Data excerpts

━━━━━━━━━━━━━━━━

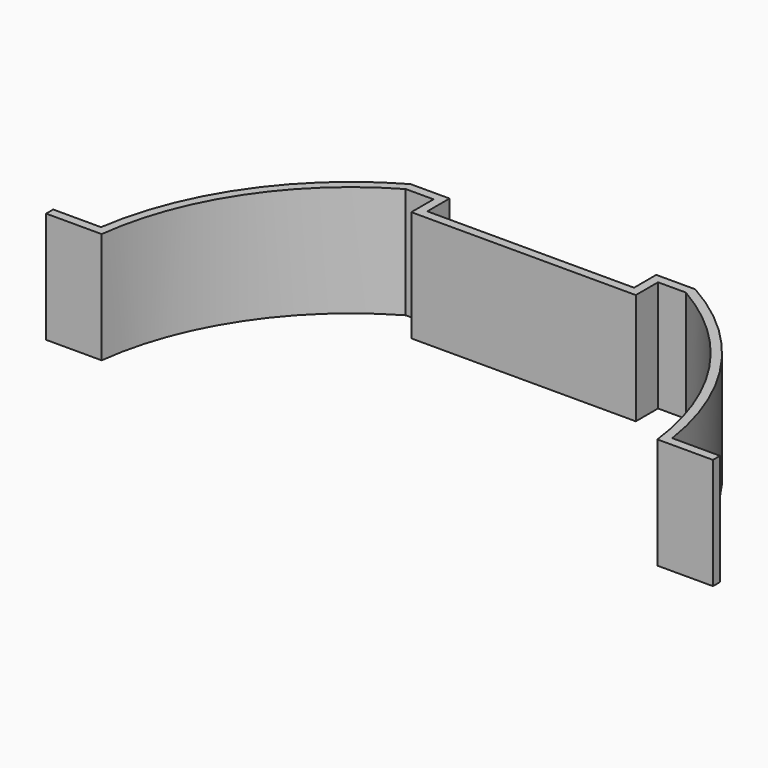
from build123d import *

# Parameters (mm, degrees)
F1_DEPTH = 25.4


# Not quite as in the source:
# - a pattern or mirror of a feature is missing from the dataset's text; its kind, count and spacing are read off the source's solid


with BuildPart() as f1:
    # F0 (on Top) → F1 (new body)
    with BuildSketch(Plane.XY):
        with BuildLine():
            Line((-25.654, 0), (0, 0))
            Line((0, 0), (0, 2.032))
            Line((0, 2.032), (-23.622, 2.032))
            Line((-23.622, 2.032), (-23.622, 8.382))
            Line((-23.622, 8.382), (-32.5398903871, 8.382))
            ThreePointArc((-32.5398903871, 8.382), (-54.4156625214, -11.5711123989), (-65.2763838561, -39.116))
            Line((-65.2763838561, -39.116), (-76.2, -39.116))
            Line((-76.2, -39.116), (-76.2, -41.148))
            Line((-76.2, -41.148), (-63.5, -41.148))
            ThreePointArc((-63.5, -41.148), (-53.3799799525, -13.6670774646), (-32.004, 6.35))
            Line((-32.004, 6.35), (-25.654, 6.35))
            Line((-25.654, 6.35), (-25.654, 0))
        make_face()
    extrude(amount=F1_DEPTH)

    # F1_copies: F1 across plane


with BuildPart() as f1_1:
    add(f1.part)
    add(f1.part.mirror(Plane(origin=(0, 0, 0), x_dir=(0, 0, 1), z_dir=(1, 0, 0))))


solid = f1_1.part

━━━━━━━━━━━━━━━━

■ Exercise instructions ■
Look for "Line((-32.004, 6.35), (-25.654, 6.35))" in the records. Write out its line and every later line through the end exactly, with nothing more.

■ Finished task ■
            Line((-32.004, 6.35), (-25.654, 6.35))
            Line((-25.654, 6.35), (-25.654, 0))
        make_face()
    extrude(amount=F1_DEPTH)

    # F1_copies: F1 across plane


with BuildPart() as f1_1:
    add(f1.part)
    add(f1.part.mirror(Plane(origin=(0, 0, 0), x_dir=(0, 0, 1), z_dir=(1, 0, 0))))


solid = f1_1.part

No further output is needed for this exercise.